Your assignment
Go through the entries below and print each one exactly, leaving out pictures.

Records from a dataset
*****
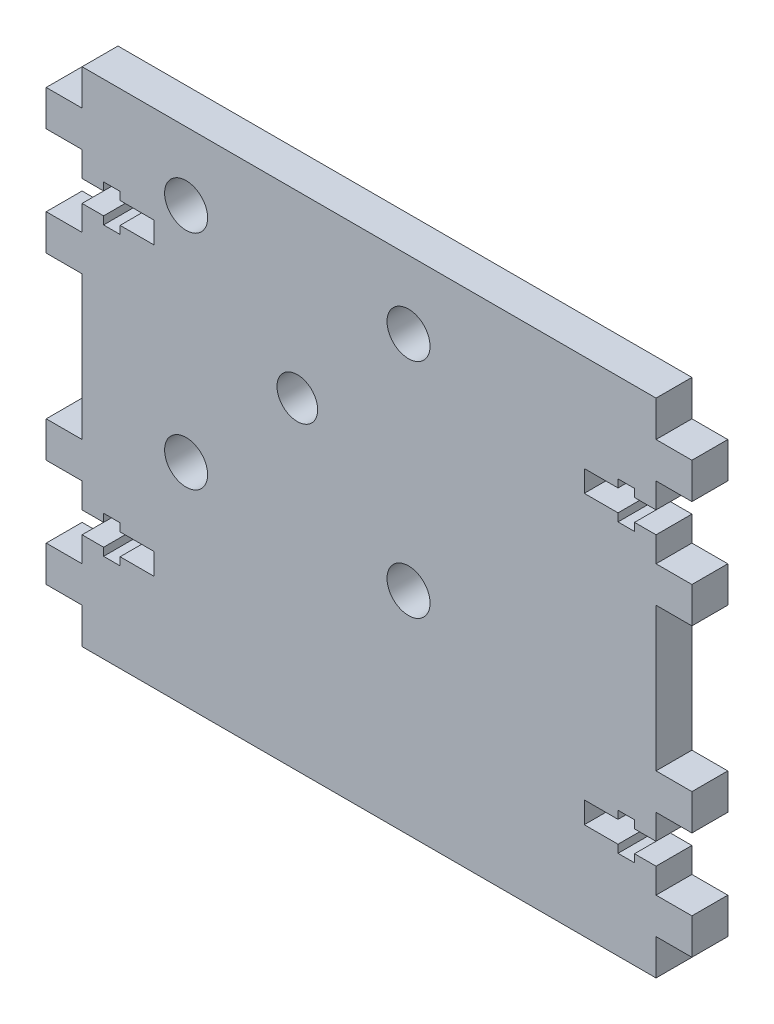
SolidWorks part; units mm, degrees
ref_plane "Front Plane" through (0, 0, 0) normal (0, 0, 1) x (1, 0, 0)
ref_plane "Top Plane" through (0, 0, 0) normal (0, 1, 0) x (1, 0, 0)
ref_plane "Right Plane" through (0, 0, 0) normal (1, 0, 0) x (0, 0, -1)
sketch "Sketch1" plane through (0, 0, 0) normal (0, 0, 1) x (1, 0, 0)
  line L0 (0, 0) -> (0, 70) construction
  line L1 (0, 70) -> (-80, 70)
  line L4 (-40, 38.7693) -> (-40, -40.9046) construction
  line L5 (0, 35) -> (-37.6147, 35) construction
  line L6 (0, 55) -> (-11.2208, 55) construction
  line L7 (0, 53.5) -> (0, 50)
  line L8 (5, 50) -> (5, 45)
  line L9 (5, 45) -> (0, 45)
  line L10 (5, 50) -> (0, 50)
  line L11 (0, 56.5) -> (0, 60)
  line L12 (0, 60) -> (5, 60)
  line L13 (5, 60) -> (5, 65)
  line L14 (5, 65) -> (0, 65)
  line L15 (0, 53.5) -> (0, 56.5) construction
  line L16 (0, 56.5) -> (-3, 56.5)
  line L17 (-5.3, 56.5) -> (-5.3, 57.6)
  line L18 (-3, 52.4) -> (-5.3, 52.4)
  line L19 (-3, 57.6) -> (-3, 56.5)
  line L20 (-5.3, 56.5) -> (-10, 56.5)
  line L21 (-10, 56.5) -> (-10, 53.5)
  line L22 (-10, 53.5) -> (-5.3, 53.5)
  line L23 (-3, 53.5) -> (-3, 52.4)
  line L24 (-5.3, 57.6) -> (-3, 57.6)
  line L25 (-5.3, 52.4) -> (-5.3, 53.5)
  line L26 (-3, 53.5) -> (0, 53.5)
  line L27 (-10, 55) -> (0, 55) construction
  line L66 (-85, 65) -> (-80, 65)
  line L67 (-85, 60) -> (-85, 65)
  line L68 (-80, 60) -> (-85, 60)
  line L69 (-80, 56.5) -> (-80, 60)
  line L70 (-80, 56.5) -> (-77, 56.5)
  line L71 (-77, 57.6) -> (-77, 56.5)
  line L72 (-74.7, 57.6) -> (-77, 57.6)
  line L73 (-74.7, 56.5) -> (-74.7, 57.6)
  line L74 (-74.7, 56.5) -> (-70, 56.5)
  line L75 (-70, 56.5) -> (-70, 53.5)
  line L76 (-70, 53.5) -> (-74.7, 53.5)
  line L77 (-74.7, 52.4) -> (-74.7, 53.5)
  line L78 (-77, 52.4) -> (-74.7, 52.4)
  line L79 (-77, 53.5) -> (-77, 52.4)
  line L80 (-77, 53.5) -> (-80, 53.5)
  line L81 (-80, 53.5) -> (-80, 50)
  line L82 (-85, 50) -> (-80, 50)
  line L83 (-85, 50) -> (-85, 45)
  line L84 (-85, 45) -> (-80, 45)
  line L85 (-80, 70) -> (-80, 65)
  line L90 (0, 65) -> (0, 70)
  line L91 (-85, 25) -> (-80, 25)
  line L92 (-85, 20) -> (-85, 25)
  line L93 (-85, 20) -> (-80, 20)
  line L94 (-80, 16.5) -> (-80, 20)
  line L95 (-77, 16.5) -> (-80, 16.5)
  line L96 (-77, 16.5) -> (-77, 17.6)
  line L97 (-77, 17.6) -> (-74.7, 17.6)
  line L98 (-74.7, 17.6) -> (-74.7, 16.5)
  line L99 (-70, 16.5) -> (-74.7, 16.5)
  line L100 (-70, 13.5) -> (-70, 16.5)
  line L101 (-74.7, 13.5) -> (-70, 13.5)
  line L102 (-74.7, 13.5) -> (-74.7, 12.4)
  line L103 (-74.7, 12.4) -> (-77, 12.4)
  line L104 (-77, 12.4) -> (-77, 13.5)
  line L105 (-80, 13.5) -> (-77, 13.5)
  line L106 (-80, 13.5) -> (-80, 10)
  line L107 (-80, 10) -> (-85, 10)
  line L108 (-85, 10) -> (-85, 5)
  line L109 (-85, 5) -> (-80, 5)
  line L110 (-80, 0) -> (-80, 5)
  line L111 (0, 0) -> (-80, 0)
  line L112 (0, 5) -> (0, 0)
  line L113 (5, 5) -> (0, 5)
  line L114 (5, 10) -> (5, 5)
  line L115 (0, 10) -> (5, 10)
  line L116 (0, 13.5) -> (0, 10)
  line L117 (0, 13.5) -> (-3, 13.5)
  line L118 (-3, 12.4) -> (-3, 13.5)
  line L119 (-5.3, 12.4) -> (-3, 12.4)
  line L120 (-5.3, 13.5) -> (-5.3, 12.4)
  line L121 (-5.3, 13.5) -> (-10, 13.5)
  line L122 (-10, 13.5) -> (-10, 16.5)
  line L123 (-10, 16.5) -> (-5.3, 16.5)
  line L124 (-5.3, 17.6) -> (-5.3, 16.5)
  line L125 (-3, 17.6) -> (-5.3, 17.6)
  line L126 (-3, 16.5) -> (-3, 17.6)
  line L127 (-3, 16.5) -> (0, 16.5)
  line L128 (0, 16.5) -> (0, 20)
  line L129 (5, 20) -> (0, 20)
  line L130 (5, 20) -> (5, 25)
  line L131 (5, 25) -> (0, 25)
  line L132 (-80, 45) -> (-80, 25)
  line L133 (0, 45) -> (0, 25)
  circle A0 centre (-65.5, 60.5) radius 3
  circle A1 centre (-34.5, 60.5) radius 3
  circle A2 centre (-65.5, 29.5) radius 3
  circle A3 centre (-34.5, 29.5) radius 3
  circle A4 centre (-50, 45) radius 2.8353
  circle B0 centre (-65.5, 60.5) radius 1.5
  circle B1 centre (-34.5, 60.5) radius 1.5
  circle B2 centre (-34.5, 29.5) radius 1.5
  circle B3 centre (-65.5, 29.5) radius 1.5
  circle B4 centre (-50, 45) radius 11.5
  line B5 (-34.5, 60.5) -> (-34.5, 29.5) construction
  line B6 (-65.5, 29.5) -> (-65.5, 60.5) construction
  line B7 (-34.5, 29.5) -> (-65.5, 29.5) construction
  line B8 (-65.5, 60.5) -> (-34.5, 60.5) construction
  line B9 (-65.5, 60.5) -> (-34.5, 29.5) construction
  dimension "D16" = 6
  dimension "D2" = 40
  dimension "D3" = 80
  dimension "D4" = 10
  dimension "D5" = 5
  dimension "D6" = 5
  dimension "D7" = 5.2
  dimension "D8" = 3
  dimension "D9" = 2.3
  dimension "D10" = 3
  dimension "D11" = 10
  dimension "D12" = 70
  dimension "D13" = 15
  dimension "D14" = 50
  dimension "D15" = 10
sketch_block_instance "Fixation Nema 17-1"
sketch_block "Fixation Nema 17" parameters "D3"=3, "D4"=23, "D1"=31.844, "D2"=31.844
extrude "Boss-Extrude1" add sketch "Sketch1" along normal blind 5 contours L133 L9 L8 L10 L7 L26 L23 L18 L25 L22 L21 L20 L17 L24 L19 L16 L11 L12 L13 L14 L90 L1 L85 L66 L67 L68 L69 L70 L71 L72 L73 L74 L75 L76 L77 L78 L79 L80 L81 L82 L83 L84 L132 L91 L92 L93 L94 L95 L96 L97 L98 | B4 A4
*****
Final answer
SolidWorks part; units mm, degrees
ref_plane "Front Plane" through (0, 0, 0) normal (0, 0, 1) x (1, 0, 0)
ref_plane "Top Plane" through (0, 0, 0) normal (0, 1, 0) x (1, 0, 0)
ref_plane "Right Plane" through (0, 0, 0) normal (1, 0, 0) x (0, 0, -1)
sketch "Sketch1" plane through (0, 0, 0) normal (0, 0, 1) x (1, 0, 0)
  line L0 (0, 0) -> (0, 70) construction
  line L1 (0, 70) -> (-80, 70)
  line L4 (-40, 38.7693) -> (-40, -40.9046) construction
  line L5 (0, 35) -> (-37.6147, 35) construction
  line L6 (0, 55) -> (-11.2208, 55) construction
  line L7 (0, 53.5) -> (0, 50)
  line L8 (5, 50) -> (5, 45)
  line L9 (5, 45) -> (0, 45)
  line L10 (5, 50) -> (0, 50)
  line L11 (0, 56.5) -> (0, 60)
  line L12 (0, 60) -> (5, 60)
  line L13 (5, 60) -> (5, 65)
  line L14 (5, 65) -> (0, 65)
  line L15 (0, 53.5) -> (0, 56.5) construction
  line L16 (0, 56.5) -> (-3, 56.5)
  line L17 (-5.3, 56.5) -> (-5.3, 57.6)
  line L18 (-3, 52.4) -> (-5.3, 52.4)
  line L19 (-3, 57.6) -> (-3, 56.5)
  line L20 (-5.3, 56.5) -> (-10, 56.5)
  line L21 (-10, 56.5) -> (-10, 53.5)
  line L22 (-10, 53.5) -> (-5.3, 53.5)
  line L23 (-3, 53.5) -> (-3, 52.4)
  line L24 (-5.3, 57.6) -> (-3, 57.6)
  line L25 (-5.3, 52.4) -> (-5.3, 53.5)
  line L26 (-3, 53.5) -> (0, 53.5)
  line L27 (-10, 55) -> (0, 55) construction
  line L66 (-85, 65) -> (-80, 65)
  line L67 (-85, 60) -> (-85, 65)
  line L68 (-80, 60) -> (-85, 60)
  line L69 (-80, 56.5) -> (-80, 60)
  line L70 (-80, 56.5) -> (-77, 56.5)
  line L71 (-77, 57.6) -> (-77, 56.5)
  line L72 (-74.7, 57.6) -> (-77, 57.6)
  line L73 (-74.7, 56.5) -> (-74.7, 57.6)
  line L74 (-74.7, 56.5) -> (-70, 56.5)
  line L75 (-70, 56.5) -> (-70, 53.5)
  line L76 (-70, 53.5) -> (-74.7, 53.5)
  line L77 (-74.7, 52.4) -> (-74.7, 53.5)
  line L78 (-77, 52.4) -> (-74.7, 52.4)
  line L79 (-77, 53.5) -> (-77, 52.4)
  line L80 (-77, 53.5) -> (-80, 53.5)
  line L81 (-80, 53.5) -> (-80, 50)
  line L82 (-85, 50) -> (-80, 50)
  line L83 (-85, 50) -> (-85, 45)
  line L84 (-85, 45) -> (-80, 45)
  line L85 (-80, 70) -> (-80, 65)
  line L90 (0, 65) -> (0, 70)
  line L91 (-85, 25) -> (-80, 25)
  line L92 (-85, 20) -> (-85, 25)
  line L93 (-85, 20) -> (-80, 20)
  line L94 (-80, 16.5) -> (-80, 20)
  line L95 (-77, 16.5) -> (-80, 16.5)
  line L96 (-77, 16.5) -> (-77, 17.6)
  line L97 (-77, 17.6) -> (-74.7, 17.6)
  line L98 (-74.7, 17.6) -> (-74.7, 16.5)
  line L99 (-70, 16.5) -> (-74.7, 16.5)
  line L100 (-70, 13.5) -> (-70, 16.5)
  line L101 (-74.7, 13.5) -> (-70, 13.5)
  line L102 (-74.7, 13.5) -> (-74.7, 12.4)
  line L103 (-74.7, 12.4) -> (-77, 12.4)
  line L104 (-77, 12.4) -> (-77, 13.5)
  line L105 (-80, 13.5) -> (-77, 13.5)
  line L106 (-80, 13.5) -> (-80, 10)
  line L107 (-80, 10) -> (-85, 10)
  line L108 (-85, 10) -> (-85, 5)
  line L109 (-85, 5) -> (-80, 5)
  line L110 (-80, 0) -> (-80, 5)
  line L111 (0, 0) -> (-80, 0)
  line L112 (0, 5) -> (0, 0)
  line L113 (5, 5) -> (0, 5)
  line L114 (5, 10) -> (5, 5)
  line L115 (0, 10) -> (5, 10)
  line L116 (0, 13.5) -> (0, 10)
  line L117 (0, 13.5) -> (-3, 13.5)
  line L118 (-3, 12.4) -> (-3, 13.5)
  line L119 (-5.3, 12.4) -> (-3, 12.4)
  line L120 (-5.3, 13.5) -> (-5.3, 12.4)
  line L121 (-5.3, 13.5) -> (-10, 13.5)
  line L122 (-10, 13.5) -> (-10, 16.5)
  line L123 (-10, 16.5) -> (-5.3, 16.5)
  line L124 (-5.3, 17.6) -> (-5.3, 16.5)
  line L125 (-3, 17.6) -> (-5.3, 17.6)
  line L126 (-3, 16.5) -> (-3, 17.6)
  line L127 (-3, 16.5) -> (0, 16.5)
  line L128 (0, 16.5) -> (0, 20)
  line L129 (5, 20) -> (0, 20)
  line L130 (5, 20) -> (5, 25)
  line L131 (5, 25) -> (0, 25)
  line L132 (-80, 45) -> (-80, 25)
  line L133 (0, 45) -> (0, 25)
  circle A0 centre (-65.5, 60.5) radius 3
  circle A1 centre (-34.5, 60.5) radius 3
  circle A2 centre (-65.5, 29.5) radius 3
  circle A3 centre (-34.5, 29.5) radius 3
  circle A4 centre (-50, 45) radius 2.8353
  circle B0 centre (-65.5, 60.5) radius 1.5
  circle B1 centre (-34.5, 60.5) radius 1.5
  circle B2 centre (-34.5, 29.5) radius 1.5
  circle B3 centre (-65.5, 29.5) radius 1.5
  circle B4 centre (-50, 45) radius 11.5
  line B5 (-34.5, 60.5) -> (-34.5, 29.5) construction
  line B6 (-65.5, 29.5) -> (-65.5, 60.5) construction
  line B7 (-34.5, 29.5) -> (-65.5, 29.5) construction
  line B8 (-65.5, 60.5) -> (-34.5, 60.5) construction
  line B9 (-65.5, 60.5) -> (-34.5, 29.5) construction
  dimension "D16" = 6
  dimension "D2" = 40
  dimension "D3" = 80
  dimension "D4" = 10
  dimension "D5" = 5
  dimension "D6" = 5
  dimension "D7" = 5.2
  dimension "D8" = 3
  dimension "D9" = 2.3
  dimension "D10" = 3
  dimension "D11" = 10
  dimension "D12" = 70
  dimension "D13" = 15
  dimension "D14" = 50
  dimension "D15" = 10
sketch_block_instance "Fixation Nema 17-1"
sketch_block "Fixation Nema 17" parameters "D3"=3, "D4"=23, "D1"=31.844, "D2"=31.844
extrude "Boss-Extrude1" add sketch "Sketch1" along normal blind 5 contours L133 L9 L8 L10 L7 L26 L23 L18 L25 L22 L21 L20 L17 L24 L19 L16 L11 L12 L13 L14 L90 L1 L85 L66 L67 L68 L69 L70 L71 L72 L73 L74 L75 L76 L77 L78 L79 L80 L81 L82 L83 L84 L132 L91 L92 L93 L94 L95 L96 L97 L98 | B4 A4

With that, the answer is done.